I think back to my own travel insurance purchase. I had decided to keep things simple and went with the company recommended by my flight agent. Shana had never asked me about my mental health. Had she questioned me, I feel certain I would have answered honestly:
“Actually, I’ve been in a dark place of recent and my anxiety is worse than ever before. I haven’t spoken to a doctor about it in detail because my condition is inconsistent and it is difficult to have a regular GP when you’re constantly on the move. I don’t think it will affect my travels and I still really want to go.”
At this point, Shana could have been well within her legal right in refusing to sell me travel insurance. It didn’t matter that I hadn’t yet sought a doctor’s opinion or received treatment. It didn’t matter that I wasn’t suicidal or psychotic. It would have been extremely stressful for me to have to shop around for another insurance company. It was hard enough having the brain energy to organise flights.

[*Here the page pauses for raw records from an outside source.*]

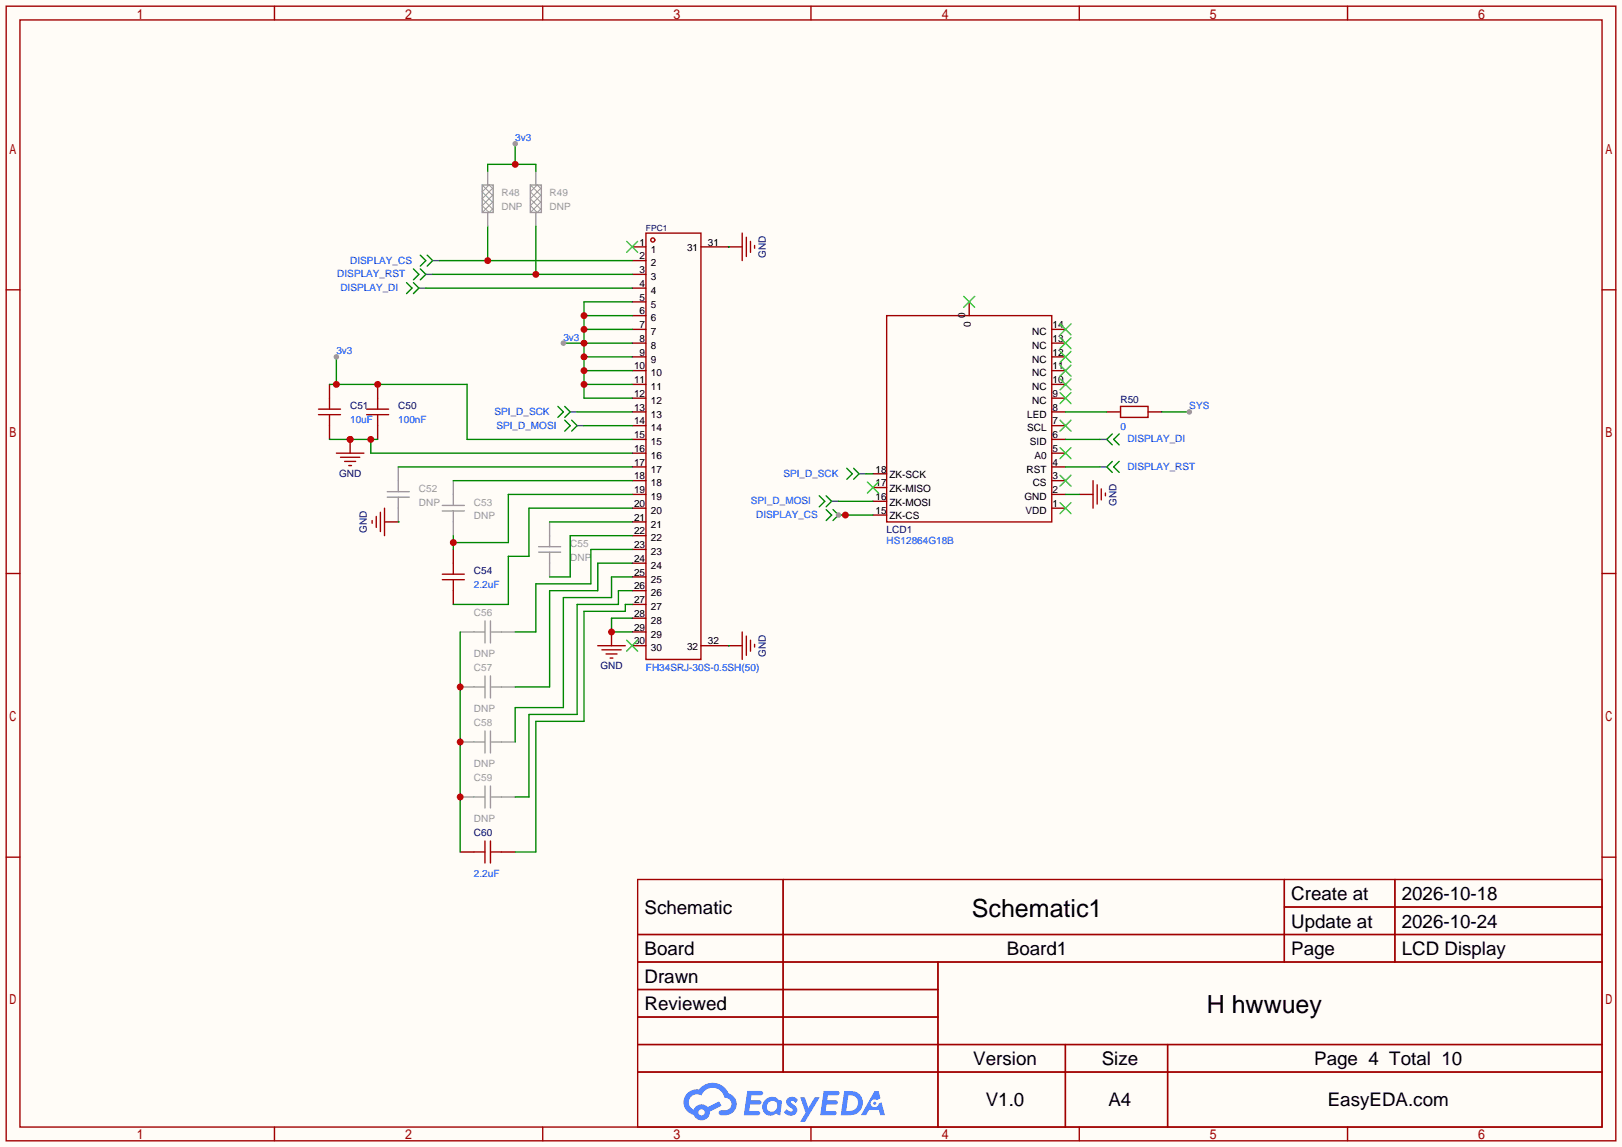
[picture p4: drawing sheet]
<svg xmlns="http://www.w3.org/2000/svg" width="299mm" height="212mm" viewBox="0 0 299 212" stroke-linecap="round" stroke-linejoin="round" font-family="sans-serif">
<path d="M0 0h299.5v211.8h-299.5z" fill="#fffcf7"/>
<g fill="none" stroke="#a10000" stroke-width=".25">
<path d="M1.1 1.1h297.2v209.6h-297.2zM3.7 3.7h292.1v204.5h-292.1zM50.7 1.1v2.6M100.2 1.1v2.6M149.7 1.1v2.6M199.3 1.1v2.6M248.8 1.1v2.6M1.1 53.5h2.6M295.8 53.5h2.5M1.1 105.9h2.6M295.8 105.9h2.5M1.1 158.3h2.6"/>
<path d="M295.8 158.3h2.5M117.7 162.4h178.1v45.8h-178.1zM117.7 172.6h178.1M117.7 177.7h178.1M144.6 162.4v35.6M173.2 177.7v30.5M237.1 162.4v15.3M237.1 167.5h58.7M257.5 162.4v15.3M117.7 182.8h55.5M117.7 192.9h178.1M117.7 187.8h55.5"/>
<path d="M117.7 198h178.1M196.7 192.9v15.3M215.6 192.9v15.3M50.7 208.2v2.5M100.2 208.2v2.5M149.7 208.2v2.5M199.3 208.2v2.5M248.8 208.2v2.5"/>
</g>
<g fill="#5487ff">
<path d="M145.5 202.8a1.3 1.3 0 0 1 1.8 .3l-.4 .6a.54 .54 0 0 0-.9-.2l.1 .2a1.58 1.58 0 0 1 1.1 1.6 1.43 1.43 0 0 1-2.5 .1l.5-.6a.64 .64 0 0 0 .5 .5 .64 .64 0 0 0 .7-.3l-.2-.2a1.6 1.6 0 0 1-1-1.6z"/>
<path d="M147.7 202.7h.9l.7 1.9 1.1-1.9h.9l-2.7 4.5h-.9l1-1.7z"/>
<path d="M138 201.5h1.6a1.31 1.31 0 0 1 1.2 .2 .4 .4 0 0 1-.3 .6h-1.8l-.1 .9h1.6a.4 .4 0 0 1 .4 .4 .4 .4 0 0 1-.4 .4h-1.7l-.2 1.2h.8a1.23 1.23 0 0 1 1.2 .2 .39 .39 0 0 1-.3 .6h-2.7z"/>
<path d="M152.1 201.5h1.6a1.32 1.32 0 0 1 1.3 .2 .39 .39 0 0 1-.4 .6h-1.7l-.2 .9h1.7a.4 .4 0 0 1 .3 .4 .4 .4 0 0 1-.4 .4h-1.7l-.2 1.2h.8a1.23 1.23 0 0 1 1.2 .2 .39 .39 0 0 1-.3 .6h-2.7z"/>
<path d="M161.5 201.5h.7l.4 1.3-.7 .4a.75 .75 0 0 0-1.1 .3 .75 .75 0 0 0 .5 1 .75 .75 0 0 0 .9-.6l.6-.3 .6 2.4h-.9l-.2-1h-1.9l-.5 1h-.9z"/>
<path d="M155.9 201.5l-.7 4.5h1.5a2.27 2.27 0 0 0 2.6-2.3 2.27 2.27 0 0 0-2.7-2.2zM156.6 202.3a1.5 1.5 0 0 1 1.8 1.5 1.5 1.5 0 0 1-1.9 1.4h-.3z"/>
<path d="M141.3 203.1a1.62 1.62 0 0 0-.4 2.1 1.62 1.62 0 0 0 2 .7l.4-.3 .3 .3 .5 .1 .3-2.5-.2-.3h-.4a1.58 1.58 0 0 0-2.5-.1zM141.9 203.6a.99 .99 0 0 1 1.6 .3 .99 .99 0 0 1-.9 1.4 .94 .94 0 0 1-1-.5 .94 .94 0 0 1 .3-1.2z"/>
<path d="M126.9 201.9a2.37 2.37 0 0 0 1.2 4 1.54 1.54 0 0 0 1.7 1 1.54 1.54 0 0 0 1.3-1.6l2.1-1.1-.5-.8-2 1.1a1.57 1.57 0 0 0-2.6 .4 1.5 1.5 0 0 1-.8-2.1 1.5 1.5 0 0 1 2.2-.5 2.23 2.23 0 0 1 2.3-1.4 2.23 2.23 0 0 1 2 1.8 1.16 1.16 0 0 1 1.2 1.1 1.16 1.16 0 0 1-1 1.3h-.7a.47 .47 0 0 0-.6 .3 .47 .47 0 0 0 .4 .6 2.23 2.23 0 0 0 2.3-.7 2.23 2.23 0 0 0 .4-2.3 2.16 2.16 0 0 0-1.3-1.1 3.2 3.2 0 0 0-5.4-.7l-1.2 .1zM129 205.4a.58 .58 0 0 1 1.1 0 .58 .58 0 0 1-1.1 0z"/>
<circle cx="161.5" cy="203.8" r=".28"/>
</g>
<g fill="none" stroke="#a10000" stroke-width=".25">
<path d="M119.3 43.1h10.1v78.7h-10.1z"/>
<circle cx="120.5" cy="44.3" r=".38"/>
</g>
<g fill="none" stroke="#870000" stroke-width=".25">
<path d="M116.7 45.6h2.6M116.7 48.1h2.6M116.7 50.7h2.6M116.7 53.2h2.6M116.7 55.8h2.6M116.7 58.3h2.6M129.4 45.6h5.1M116.7 60.8h2.6M116.7 63.4h2.6M116.7 65.9h2.6M116.7 68.5h2.6M116.7 71h2.6"/>
<path d="M116.7 73.5h2.6M116.7 76.1h2.6M116.7 78.6h2.6M116.7 81.2h2.6M116.7 83.7h2.6M116.7 86.2h2.6M116.7 88.8h2.6M116.7 91.3h2.6M116.7 93.9h2.6M116.7 96.4h2.6M116.7 98.9h2.6M116.7 101.5h2.6"/>
<path d="M116.7 104h2.6M116.7 106.6h2.6M116.7 109.1h2.6M116.7 111.6h2.6M116.7 114.2h2.6M116.7 116.7h2.6M116.7 119.3h2.6M129.4 119.3h5.1"/>
</g>
<path d="M115.7 44.6l2 2M117.7 44.6l-2 2M115.7 118.2l2 2.1M117.7 118.2l-2 2.1" fill="none" stroke="#3c3" stroke-width=".25"/>
<path d="M77.6 47.1l1 1-1 1M78.9 47.1l1 1-1 1" fill="none" stroke="#008000" stroke-width=".25"/>
<path d="M79.9 48.1h1.3" fill="none" stroke="#008080" stroke-width=".25"/>
<path d="M81.2 48.1h35.5M90 41.8v6.3" fill="none" stroke="#008700" stroke-width=".25"/>
<circle cx="90" cy="48.1" r=".63" fill="#c00"/>
<path d="M89 34.2l2.1 2M91.1 34.9l-.8-.7-1.3 1.2 2.1 2.1M91.1 34.7l-2.1 2 2.1 2M91.1 35.9l-2.1 2.1 1.3 1.2 .8-.7M91.1 37.2l-2.1 2M97.9 34.2l2 2M99.9 34.9l-.7-.7-1.3 1.2 2 2.1M99.9 34.7l-2 2 2 2M99.9 35.9l-2 2.1 1.3 1.2 .7-.7M99.9 37.2l-2 2" fill="none" stroke="#999" stroke-width=".18"/>
<path d="M89 34.2h2.1v5h-2.1zM90 31.6v2.6M90 39.2v2.6M97.9 34.2h2v5h-2zM98.9 31.6v2.6M98.9 39.2v2.6" fill="none" stroke="#999" stroke-width=".25"/>
<path d="M90 31.6v-1.2h8.9v1.2M95.1 26.5v3.9" fill="none" stroke="#008700" stroke-width=".25"/>
<circle cx="95.1" cy="30.4" r=".63" fill="#c00"/>
<circle cx="95.1" cy="26.5" r=".51" fill="#999"/>
<path d="M76.3 49.7l1 1-1 1M77.6 49.7l1 1-1 1" fill="none" stroke="#008000" stroke-width=".25"/>
<path d="M78.6 50.7h1.3" fill="none" stroke="#008080" stroke-width=".25"/>
<path d="M79.9 50.7h36.8M98.9 41.8v8.9" fill="none" stroke="#008700" stroke-width=".25"/>
<circle cx="98.9" cy="50.7" r=".63" fill="#c00"/>
<path d="M75.1 52.2l1 1-1 1M76.3 52.2l1 1-1 1" fill="none" stroke="#008000" stroke-width=".25"/>
<path d="M77.3 53.2h1.3" fill="none" stroke="#008080" stroke-width=".25"/>
<path d="M78.6 53.2h38.1M107.8 58.3h8.9M116.7 55.8h-8.9v17.7h8.9M104 63.4h12.7M107.8 71h8.9M107.8 68.5h8.9M107.8 65.9h8.9M107.8 60.8h8.9" fill="none" stroke="#008700" stroke-width=".25"/>
<g fill="#c00">
<circle cx="107.8" cy="71" r=".63"/>
<circle cx="107.8" cy="68.5" r=".63"/>
<circle cx="107.8" cy="65.9" r=".63"/>
<circle cx="107.8" cy="63.4" r=".63"/>
<circle cx="107.8" cy="60.8" r=".63"/>
<circle cx="107.8" cy="58.3" r=".63"/>
</g>
<circle cx="104" cy="63.4" r=".51" fill="#999"/>
<path d="M103 75.1l1 1-1 1M104.3 75.1l1 1-1 1M104.3 77.6l1 1-1 1M105.5 77.6l1.1 1-1.1 1" fill="none" stroke="#008000" stroke-width=".25"/>
<path d="M105.3 76.1h1.3M106.6 78.6h1.2" fill="none" stroke="#008080" stroke-width=".25"/>
<path d="M60.8 71h25.4v10.2h30.5M62.1 65.9v5.1M106.6 76.1h10.1M107.8 78.6h8.9" fill="none" stroke="#008700" stroke-width=".25"/>
<path d="M60.8 71v2.5M60.8 78.6v2.6M69.7 71v2.5M69.7 78.6v2.6" fill="none" stroke="#870000" stroke-width=".25"/>
<path d="M58.8 75.6h4.1M58.8 76.6h4.1M60.8 73.5v2.1M60.8 76.6v2M67.7 75.6h4.1M67.7 76.6h4.1M69.7 73.5v2.1M69.7 76.6v2" fill="none" stroke="#a10000" stroke-width=".25"/>
<g fill="#c00">
<circle cx="62.1" cy="71" r=".63"/>
<circle cx="69.7" cy="71" r=".63"/>
</g>
<circle cx="62.1" cy="65.9" r=".51" fill="#999"/>
<path d="M60.8 81.2h8.9M68.5 81.2v2.5h48.2" fill="none" stroke="#008700" stroke-width=".25"/>
<g fill="#c00">
<circle cx="64.6" cy="81.2" r=".63"/>
<circle cx="68.5" cy="81.2" r=".63"/>
</g>
<path d="M64.6 81.2v2.5" fill="none" stroke="#870000" stroke-width=".25"/>
<circle cx="64.6" cy="81.2" r=".63" fill="#c00"/>
<g fill="none" stroke="#a10000" stroke-width=".25">
<path d="M62.1 83.7h5.1M62.9 84.5h3.5M63.6 85.2h2.1M64.4 86h.5M68.7 96.1v.5M69.5 95.4v2M70.2 94.6v3.6M71 93.9v5M81.7 106h4M81.7 107.1h4M83.7 104v2M83.7 107.1v2"/>
<path d="M87.5 157.4h2M89.5 155.3v4.1M90.6 157.4h2M90.6 155.3v4.1"/>
</g>
<g fill="none" stroke="#999" stroke-width=".25">
<path d="M71.5 90.8h4.1M71.5 91.8h4.1M73.5 86.2v4.6M73.5 91.8v4.6M81.7 93.3h4M81.7 94.4h4M83.7 88.8v4.5M83.7 94.4v4.5M101.5 96.4v4.6M85 116.7h4.5M89.5 114.7v4M90.6 114.7v4"/>
<path d="M90.6 116.7h4.5M99.4 101h4.1M99.4 102h4.1M101.5 102v4.6M85 137h4.5M85 126.9h4.5M89.5 124.8v4.1M89.5 135v4.1M90.6 137h4.5M90.6 124.8v4.1M90.6 135v4.1M90.6 126.9h4.5"/>
<path d="M85 147.2h4.5M89.5 145.2v4M90.6 145.2v4M90.6 147.2h4.5"/>
</g>
<path d="M73.5 96.4h.1M73.5 86.2h43.2M83.7 88.8h33M83.7 98.9v2.6M116.7 91.3h-22.8v8.9h-10.2" fill="none" stroke="#008700" stroke-width=".25"/>
<path d="M71 96.4h2.5M83.7 101.5v2.5M83.7 109.1v2.5M85 157.4h2.5M92.6 157.4h2.5" fill="none" stroke="#870000" stroke-width=".25"/>
<circle cx="83.7" cy="100.2" r=".63" fill="#c00"/>
<path d="M101.5 96.4h15.2M116.7 93.9h-19v8.8h-3.8v8.9h-10.2M116.7 98.9h-11.4v7.7h-3.8M85 116.7v40.7" fill="none" stroke="#008700" stroke-width=".25"/>
<g fill="#c00">
<circle cx="85" cy="126.9" r=".63"/>
<circle cx="85" cy="137" r=".63"/>
<circle cx="85" cy="147.2" r=".63"/>
</g>
<path d="M116.7 101.5h-7.6v6.3h-10.2v8.9h-3.8M116.7 114.2h-3.8v2.5h3.8M116.7 111.6h-1.3v1.3h-7.6v20.3h-8.9v24.2h-3.8M116.7 104h-6.3v5.1h-8.9v17.8h-6.4M116.7 109.1h-2.5v2.5h-7.6v20.4h-8.9v15.2h-2.6M116.7 106.6h-3.8v3.8h-8.9v20.3h-8.9v6.3" fill="none" stroke="#008700" stroke-width=".25"/>
<path d="M112.9 116.7v2.6" fill="none" stroke="#870000" stroke-width=".25"/>
<circle cx="112.9" cy="116.7" r=".63" fill="#c00"/>
<g fill="none" stroke="#a10000" stroke-width=".25">
<path d="M137 43.1v5M137.8 43.8v3.6M138.6 44.6v2M139.3 45.3v.5M163.7 58.3h30.5v38.1h-30.5zM206.9 75.1h5.1v2h-5.1zM110.4 119.3h5M137 116.7v5.1M137.8 117.5v3.5M138.6 118.2v2.1M139.3 119v.5M111.1 120h3.6"/>
<path d="M111.9 120.8h2M112.6 121.5h.6"/>
</g>
<g fill="none" stroke="#870000" stroke-width=".25">
<path d="M134.5 45.6h2.5M178.9 55.8v2.5M194.2 78.6h2.5M194.2 76.1h2.5M194.2 73.5h2.5M194.2 71h2.5M194.2 68.5h2.5M194.2 65.9h2.5M194.2 63.4h2.5M194.2 60.8h2.5M204.3 76.1h2.6M212 76.1h2.5"/>
<path d="M161.2 95.1h2.5M161.2 92.6h2.5M161.2 90h2.5M161.2 87.5h2.5M194.2 93.9h2.5M194.2 91.3h2.5M194.2 88.8h2.5M194.2 86.2h2.5M194.2 83.7h2.5M194.2 81.2h2.5M134.5 119.3h2.5"/>
</g>
<path d="M134.5 45.6h.1M196.7 76.1h7.6M214.5 76.1h5.1M134.5 119.3h.1" fill="none" stroke="#008700" stroke-width=".25"/>
<g fill="none" stroke="#3c3" stroke-width=".25">
<path d="M177.9 54.7l2.1 2.1M180 54.7l-2.1 2.1M195.7 59.8l2 2M197.7 59.8l-2 2M195.7 77.6l2 2M195.7 72.5l2 2M195.7 70l2 2M195.7 67.4l2 2.1M195.7 64.9l2 2M195.7 62.4l2 2M197.7 77.6l-2 2M197.7 72.5l-2 2"/>
<path d="M197.7 70l-2 2M197.7 67.4l-2 2.1M197.7 64.9l-2 2M197.7 62.4l-2 2M160.1 89l2.1 2.1M162.2 89l-2.1 2.1M195.7 92.8l2 2.1M195.7 87.8l2 2M195.7 82.7l2 2M197.7 92.8l-2 2.1M197.7 87.8l-2 2M197.7 82.7l-2 2"/>
</g>
<circle cx="219.6" cy="76.1" r=".51" fill="#999"/>
<path d="M152.5 94.1l1 1-1 1M153.8 94.1l1 1-1 1" fill="none" stroke="#008000" stroke-width=".25"/>
<path d="M154.8 95.1h1.3" fill="none" stroke="#008080" stroke-width=".25"/>
<path d="M154.8 95.1h6.4" fill="none" stroke="#008700" stroke-width=".25"/>
<circle cx="156.1" cy="95.1" r=".63" fill="#c00"/>
<circle cx="154.8" cy="95.1" r=".51" fill="#999"/>
<path d="M151.3 91.6l1 1-1 1M152.5 91.6l1 1-1 1M156.3 86.5l1.1 1-1.1 1M157.6 86.5l1 1-1 1M205.4 85.2l-1.1 1 1.1 1M205.4 80.1l-1.1 1.1 1.1 1M206.6 85.2l-1 1 1 1M206.6 80.1l-1 1.1 1 1" fill="none" stroke="#008000" stroke-width=".25"/>
<path d="M153.5 92.6h1.3M158.6 87.5h1.3M203.1 86.2h1.2M203.1 81.2h1.2" fill="none" stroke="#008080" stroke-width=".25"/>
<path d="M154.8 92.6h6.4M159.9 87.5h1.3M196.7 86.2h6.4M196.7 81.2h6.4M196.7 91.3h2.6" fill="none" stroke="#008700" stroke-width=".25"/>
<path d="M199.3 91.3h2.5" fill="none" stroke="#870000" stroke-width=".25"/>
<path d="M201.8 88.8v5.1M202.6 89.5v3.6M203.3 90.3v2M204.1 91.1v.5" fill="none" stroke="#a10000" stroke-width=".25"/>
<g font-size="4.6">
<text x="179.4" y="169.4">Schematic1</text>
<text x="222.8" y="187.1">H hwwuey</text>
</g>
<g font-size="3.5">
<text x="238.4" y="166.2">Create at</text>
<text x="258.8" y="166.2">2026-10-18</text>
<text x="119" y="168.8">Schematic</text>
<text x="238.4" y="171.3">Update at</text>
<text x="258.8" y="171.3">2026-10-24</text>
<text x="119" y="176.4">Board</text>
<text x="185.9" y="176.4">Board1</text>
<text x="238.4" y="176.4">Page</text>
<text x="258.8" y="176.4">LCD Display</text>
<text x="119" y="181.5">Drawn</text>
<text x="119" y="186.6">Reviewed</text>
<text x="179.7" y="196.7">Version</text>
<text x="203.4" y="196.7">Size</text>
<text x="242.6" y="196.7">Page 4 Total 10</text>
<text x="182" y="204.3">V1.0</text>
<text x="204.7" y="204.3">A4</text>
<text x="245.1" y="204.3">EasyEDA.com</text>
</g>
<g font-size="1.8" fill="#00f">
<text x="95.1" y="26.1">3v3</text>
<text x="62.3" y="51.2">DISPLAY_RST</text>
<text x="62.9" y="53.8">DISPLAY_DI</text>
<text x="64.7" y="48.7">DISPLAY_CS</text>
<text x="62.1" y="65.5">3v3</text>
<text x="104" y="62.9">3v3</text>
<text x="91.3" y="76.6">SPI_D_SCK</text>
<text x="219.6" y="75.6">SYS</text>
<text x="64.6" y="78.2">10uF</text>
<text x="73.5" y="78.2">100nF</text>
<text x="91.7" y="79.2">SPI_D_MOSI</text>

Anxious people are experts at imagining the worst-case scenario, yet the thought of being refused insurance on those grounds had never entered my mind. It’s definitely something to take into consideration for future travel plans.
Currently, there are few travel insurance providers that will cover mental health claims. The majority are apparently in the process of revising their policies. In June, this table was published with useful information regarding mental health cover for over 25 travel insurance brands (information subject to change). Of the insurers listed, only four offered mental health coverage (with two charging a premium price). There are organisations fighting for change, however.
Beyond Blue and Mental Health Australia (MHA) have been working hard to stop discrimination by insurance providers and secure a fair deal for all Australians. It’s important that we keep the pressure on too — by raising awareness, sharing personal experiences and lodging complaints. I’m not letting my mental health stop me from doing the things I want to do. I travel responsibly and I want to know that I can arrange travel cover that will suit my needs.
With most things in life, honesty is the best policy. So with that in mind, I will continue to be honest with travel insurance companies about my health, be it a physical or mental condition. I’m adding my voice to the cause and fighting for change. I call on you to do the same! And maybe to consider a suitcase with wheels for your next travel destination.